- _Your assignment_:
From the records below, please repeat exactly the line that has "#50=CARTESIAN_POINT('',(0.,0.,-13.335));", the line that has "#70=ORIENTED_EDGE('',*,*,#69,.F.);", and every line between them, and nothing else.

★ ★ ★ ★ ★

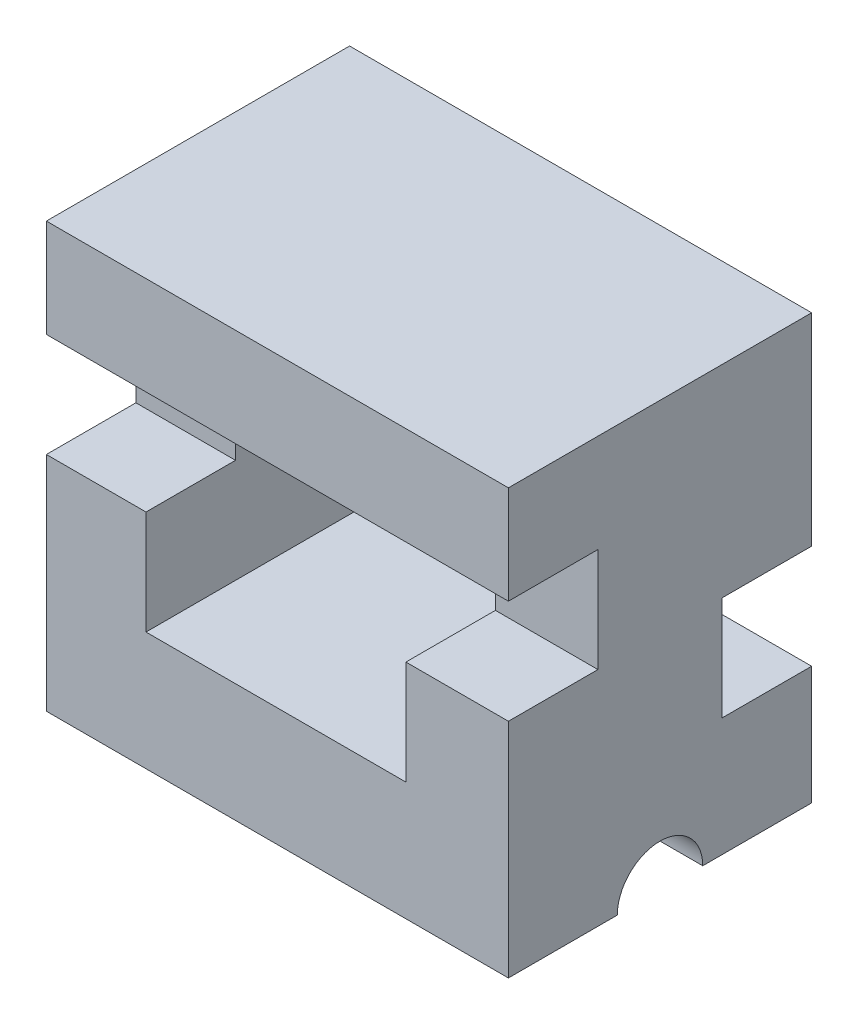
ISO-10303-21;
HEADER;
FILE_DESCRIPTION(('STEP AP214'),'2;1');
FILE_NAME('part.step','',(''),(''),'','','');
FILE_SCHEMA(('AUTOMOTIVE_DESIGN { 1 0 10303 214 1 1 1 1 }'));
ENDSEC;
DATA;
#1=APPLICATION_CONTEXT('core data for automotive mechanical design processes');
#2=APPLICATION_PROTOCOL_DEFINITION('international standard','automotive_design',2000,#1);
#3=PRODUCT_CONTEXT('',#1,'mechanical');
#4=PRODUCT('Part','Part','',(#3));
#5=PRODUCT_RELATED_PRODUCT_CATEGORY('part','',(#4));
#6=PRODUCT_DEFINITION_FORMATION('','',#4);
#7=PRODUCT_DEFINITION_CONTEXT('part definition',#1,'design');
#8=PRODUCT_DEFINITION('design','',#6,#7);
#9=PRODUCT_DEFINITION_SHAPE('','',#8);
#10=(LENGTH_UNIT() NAMED_UNIT(*) SI_UNIT(.MILLI.,.METRE.));
#11=(NAMED_UNIT(*) PLANE_ANGLE_UNIT() SI_UNIT($,.RADIAN.));
#12=(NAMED_UNIT(*) SI_UNIT($,.STERADIAN.) SOLID_ANGLE_UNIT());
#13=UNCERTAINTY_MEASURE_WITH_UNIT(LENGTH_MEASURE(1.E-05),#10,'distance_accuracy_value','');
#14=(GEOMETRIC_REPRESENTATION_CONTEXT(3) GLOBAL_UNCERTAINTY_ASSIGNED_CONTEXT((#13)) GLOBAL_UNIT_ASSIGNED_CONTEXT((#10,
#11,#12)) REPRESENTATION_CONTEXT('',''));
#15=CARTESIAN_POINT('',(0.,0.,0.));
#16=DIRECTION('',(0.,0.,1.));
#17=DIRECTION('',(1.,0.,0.));
#18=AXIS2_PLACEMENT_3D('',#15,#16,#17);
#19=CARTESIAN_POINT('',(0.,37.338,0.));
#20=DIRECTION('',(1.,0.,0.));
#21=DIRECTION('',(0.,0.,-1.));
#22=AXIS2_PLACEMENT_3D('',#19,#20,#21);
#23=PLANE('',#22);
#24=DIRECTION('',(0.,0.,-1.));
#25=VECTOR('',#24,1.);
#26=CARTESIAN_POINT('',(0.,10.414,-49.166422226509));
#27=LINE('',#26,#25);
#28=CARTESIAN_POINT('',(0.,10.414,-18.796));
#29=VERTEX_POINT('',#28);
#30=CARTESIAN_POINT('',(0.,10.414,-26.67));
#31=VERTEX_POINT('',#30);
#32=EDGE_CURVE('E212',#29,#31,#27,.T.);
#33=ORIENTED_EDGE('',*,*,#32,.T.);
#34=DIRECTION('',(0.,-1.,0.));
#35=VECTOR('',#34,1.);
#36=CARTESIAN_POINT('',(0.,37.338,-26.67));
#37=LINE('',#36,#35);
#38=CARTESIAN_POINT('',(0.,0.,-26.67));
#39=VERTEX_POINT('',#38);
#40=EDGE_CURVE('E304',#31,#39,#37,.T.);
#41=ORIENTED_EDGE('',*,*,#40,.T.);
#42=DIRECTION('',(0.,0.,1.));
#43=VECTOR('',#42,1.);
#44=CARTESIAN_POINT('',(0.,0.,0.));
#45=LINE('',#44,#43);
#46=CARTESIAN_POINT('',(0.,0.,-17.0942));
#47=VERTEX_POINT('',#46);
#48=EDGE_CURVE('E305',#39,#47,#45,.T.);
#49=ORIENTED_EDGE('',*,*,#48,.T.);
#50=CARTESIAN_POINT('',(0.,0.,-13.335));
#51=DIRECTION('',(1.,0.,0.));
#52=DIRECTION('',(0.,0.,-1.));
#53=AXIS2_PLACEMENT_3D('',#50,#51,#52);
#54=CIRCLE('',#53,3.7592);
#55=CARTESIAN_POINT('',(0.,0.,-9.57579999999998));
#56=VERTEX_POINT('',#55);
#57=EDGE_CURVE('E289',#47,#56,#54,.T.);
#58=ORIENTED_EDGE('',*,*,#57,.T.);
#59=CARTESIAN_POINT('',(0.,0.,0.));
#60=VERTEX_POINT('',#59);
#61=EDGE_CURVE('E292',#56,#60,#45,.T.);
#62=ORIENTED_EDGE('',*,*,#61,.T.);
#63=DIRECTION('',(0.,-1.,0.));
#64=VECTOR('',#63,1.);
#65=CARTESIAN_POINT('',(0.,37.338,0.));
#66=LINE('',#65,#64);
#67=CARTESIAN_POINT('',(0.,19.558,0.));
#68=VERTEX_POINT('',#67);
#69=EDGE_CURVE('E327',#68,#60,#66,.T.);
#70=ORIENTED_EDGE('',*,*,#69,.F.);
#71=DIRECTION('',(0.,0.,1.));
#72=VECTOR('',#71,1.);
#73=CARTESIAN_POINT('',(0.,19.558,-49.166422226509));
#74=LINE('',#73,#72);
#75=CARTESIAN_POINT('',(0.,19.558,-7.87400000000002));
#76=VERTEX_POINT('',#75);
#77=EDGE_CURVE('E229',#76,#68,#74,.T.);
#78=ORIENTED_EDGE('',*,*,#77,.F.);
#79=DIRECTION('',(0.,1.,0.));
#80=VECTOR('',#79,1.);
#81=CARTESIAN_POINT('',(0.,18.669,-7.874));
#82=LINE('',#81,#80);
#83=CARTESIAN_POINT('',(0.,28.702,-7.87400000000002));
#84=VERTEX_POINT('',#83);
#85=EDGE_CURVE('E231',#76,#84,#82,.T.);
#86=ORIENTED_EDGE('',*,*,#85,.T.);
#87=DIRECTION('',(0.,0.,-1.));
#88=VECTOR('',#87,1.);
#89=CARTESIAN_POINT('',(0.,28.702,-49.166422226509));
#90=LINE('',#89,#88);
#91=CARTESIAN_POINT('',(0.,28.702,0.));
#92=VERTEX_POINT('',#91);
#93=EDGE_CURVE('E235',#92,#84,#90,.T.);
#94=ORIENTED_EDGE('',*,*,#93,.F.);
#95=CARTESIAN_POINT('',(0.,37.338,0.));
#96=VERTEX_POINT('',#95);
#97=EDGE_CURVE('E328',#96,#92,#66,.T.);
#98=ORIENTED_EDGE('',*,*,#97,.F.);
#99=DIRECTION('',(0.,0.,1.));
#100=VECTOR('',#99,1.);
#101=CARTESIAN_POINT('',(0.,37.338,0.));
#102=LINE('',#101,#100);
#103=CARTESIAN_POINT('',(0.,37.338,-26.67));
#104=VERTEX_POINT('',#103);
#105=EDGE_CURVE('E294',#104,#96,#102,.T.);
#106=ORIENTED_EDGE('',*,*,#105,.F.);
#107=CARTESIAN_POINT('',(0.,19.558,-26.67));
#108=VERTEX_POINT('',#107);
#109=EDGE_CURVE('E317',#104,#108,#37,.T.);
#110=ORIENTED_EDGE('',*,*,#109,.T.);
#111=DIRECTION('',(0.,0.,-1.));
#112=VECTOR('',#111,1.);
#113=CARTESIAN_POINT('',(0.,19.558,-49.166422226509));
#114=LINE('',#113,#112);
#115=CARTESIAN_POINT('',(0.,19.558,-18.796));
#116=VERTEX_POINT('',#115);
#117=EDGE_CURVE('E46',#116,#108,#114,.T.);
#118=ORIENTED_EDGE('',*,*,#117,.F.);
#119=DIRECTION('',(0.,-1.,0.));
#120=VECTOR('',#119,1.);
#121=CARTESIAN_POINT('',(0.,18.669,-18.796));
#122=LINE('',#121,#120);
#123=EDGE_CURVE('E222',#116,#29,#122,.T.);
#124=ORIENTED_EDGE('',*,*,#123,.T.);
#125=EDGE_LOOP('',(#33,#41,#49,#58,#62,#70,#78,#86,#94,#98,#106,#110,#118,#124));
#126=FACE_BOUND('',#125,.T.);
#127=ADVANCED_FACE('F32',(#126),#23,.F.);
#128=CARTESIAN_POINT('',(40.64,37.338,0.));
#129=DIRECTION('',(-1.,0.,0.));
#130=DIRECTION('',(0.,0.,1.));
#131=AXIS2_PLACEMENT_3D('',#128,#129,#130);
#132=PLANE('',#131);
#133=DIRECTION('',(0.,0.,1.));
#134=VECTOR('',#133,1.);
#135=CARTESIAN_POINT('',(40.64,10.414,-49.1664222265091));
#136=LINE('',#135,#134);
#137=CARTESIAN_POINT('',(40.64,10.414,-26.67));
#138=VERTEX_POINT('',#137);
#139=CARTESIAN_POINT('',(40.64,10.414,-18.796));
#140=VERTEX_POINT('',#139);
#141=EDGE_CURVE('E185',#138,#140,#136,.T.);
#142=ORIENTED_EDGE('',*,*,#141,.T.);
#143=DIRECTION('',(0.,1.,0.));
#144=VECTOR('',#143,1.);
#145=CARTESIAN_POINT('',(40.64,18.669,-18.796));
#146=LINE('',#145,#144);
#147=CARTESIAN_POINT('',(40.64,19.558,-18.796));
#148=VERTEX_POINT('',#147);
#149=EDGE_CURVE('E195',#140,#148,#146,.T.);
#150=ORIENTED_EDGE('',*,*,#149,.T.);
#151=DIRECTION('',(0.,0.,1.));
#152=VECTOR('',#151,1.);
#153=CARTESIAN_POINT('',(40.64,19.558,-49.1664222265091));
#154=LINE('',#153,#152);
#155=CARTESIAN_POINT('',(40.64,19.558,-26.67));
#156=VERTEX_POINT('',#155);
#157=EDGE_CURVE('E192',#156,#148,#154,.T.);
#158=ORIENTED_EDGE('',*,*,#157,.F.);
#159=DIRECTION('',(0.,-1.,0.));
#160=VECTOR('',#159,1.);
#161=CARTESIAN_POINT('',(40.64,37.338,-26.67));
#162=LINE('',#161,#160);
#163=CARTESIAN_POINT('',(40.64,37.338,-26.67));
#164=VERTEX_POINT('',#163);
#165=EDGE_CURVE('E320',#164,#156,#162,.T.);
#166=ORIENTED_EDGE('',*,*,#165,.F.);
#167=DIRECTION('',(0.,0.,-1.));
#168=VECTOR('',#167,1.);
#169=CARTESIAN_POINT('',(40.64,37.338,0.));
#170=LINE('',#169,#168);
#171=CARTESIAN_POINT('',(40.64,37.338,0.));
#172=VERTEX_POINT('',#171);
#173=EDGE_CURVE('E300',#172,#164,#170,.T.);
#174=ORIENTED_EDGE('',*,*,#173,.F.);
#175=DIRECTION('',(0.,-1.,0.));
#176=VECTOR('',#175,1.);
#177=CARTESIAN_POINT('',(40.64,37.338,0.));
#178=LINE('',#177,#176);
#179=CARTESIAN_POINT('',(40.64,28.702,0.));
#180=VERTEX_POINT('',#179);
#181=EDGE_CURVE('E324',#172,#180,#178,.T.);
#182=ORIENTED_EDGE('',*,*,#181,.T.);
#183=DIRECTION('',(0.,0.,1.));
#184=VECTOR('',#183,1.);
#185=CARTESIAN_POINT('',(40.64,28.702,-49.1664222265091));
#186=LINE('',#185,#184);
#187=CARTESIAN_POINT('',(40.64,28.702,-7.87400000000002));
#188=VERTEX_POINT('',#187);
#189=EDGE_CURVE('E238',#188,#180,#186,.T.);
#190=ORIENTED_EDGE('',*,*,#189,.F.);
#191=DIRECTION('',(0.,-1.,0.));
#192=VECTOR('',#191,1.);
#193=CARTESIAN_POINT('',(40.64,18.669,-7.87400000000002));
#194=LINE('',#193,#192);
#195=CARTESIAN_POINT('',(40.64,19.558,-7.87400000000002));
#196=VERTEX_POINT('',#195);
#197=EDGE_CURVE('E228',#188,#196,#194,.T.);
#198=ORIENTED_EDGE('',*,*,#197,.T.);
#199=DIRECTION('',(0.,0.,-1.));
#200=VECTOR('',#199,1.);
#201=CARTESIAN_POINT('',(40.64,19.558,-49.1664222265091));
#202=LINE('',#201,#200);
#203=CARTESIAN_POINT('',(40.64,19.558,0.));
#204=VERTEX_POINT('',#203);
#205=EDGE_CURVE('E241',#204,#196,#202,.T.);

★ ★ ★ ★ ★

- _Reply_:
#50=CARTESIAN_POINT('',(0.,0.,-13.335));
#51=DIRECTION('',(1.,0.,0.));
#52=DIRECTION('',(0.,0.,-1.));
#53=AXIS2_PLACEMENT_3D('',#50,#51,#52);
#54=CIRCLE('',#53,3.7592);
#55=CARTESIAN_POINT('',(0.,0.,-9.57579999999998));
#56=VERTEX_POINT('',#55);
#57=EDGE_CURVE('E289',#47,#56,#54,.T.);
#58=ORIENTED_EDGE('',*,*,#57,.T.);
#59=CARTESIAN_POINT('',(0.,0.,0.));
#60=VERTEX_POINT('',#59);
#61=EDGE_CURVE('E292',#56,#60,#45,.T.);
#62=ORIENTED_EDGE('',*,*,#61,.T.);
#63=DIRECTION('',(0.,-1.,0.));
#64=VECTOR('',#63,1.);
#65=CARTESIAN_POINT('',(0.,37.338,0.));
#66=LINE('',#65,#64);
#67=CARTESIAN_POINT('',(0.,19.558,0.));
#68=VERTEX_POINT('',#67);
#69=EDGE_CURVE('E327',#68,#60,#66,.T.);
#70=ORIENTED_EDGE('',*,*,#69,.F.);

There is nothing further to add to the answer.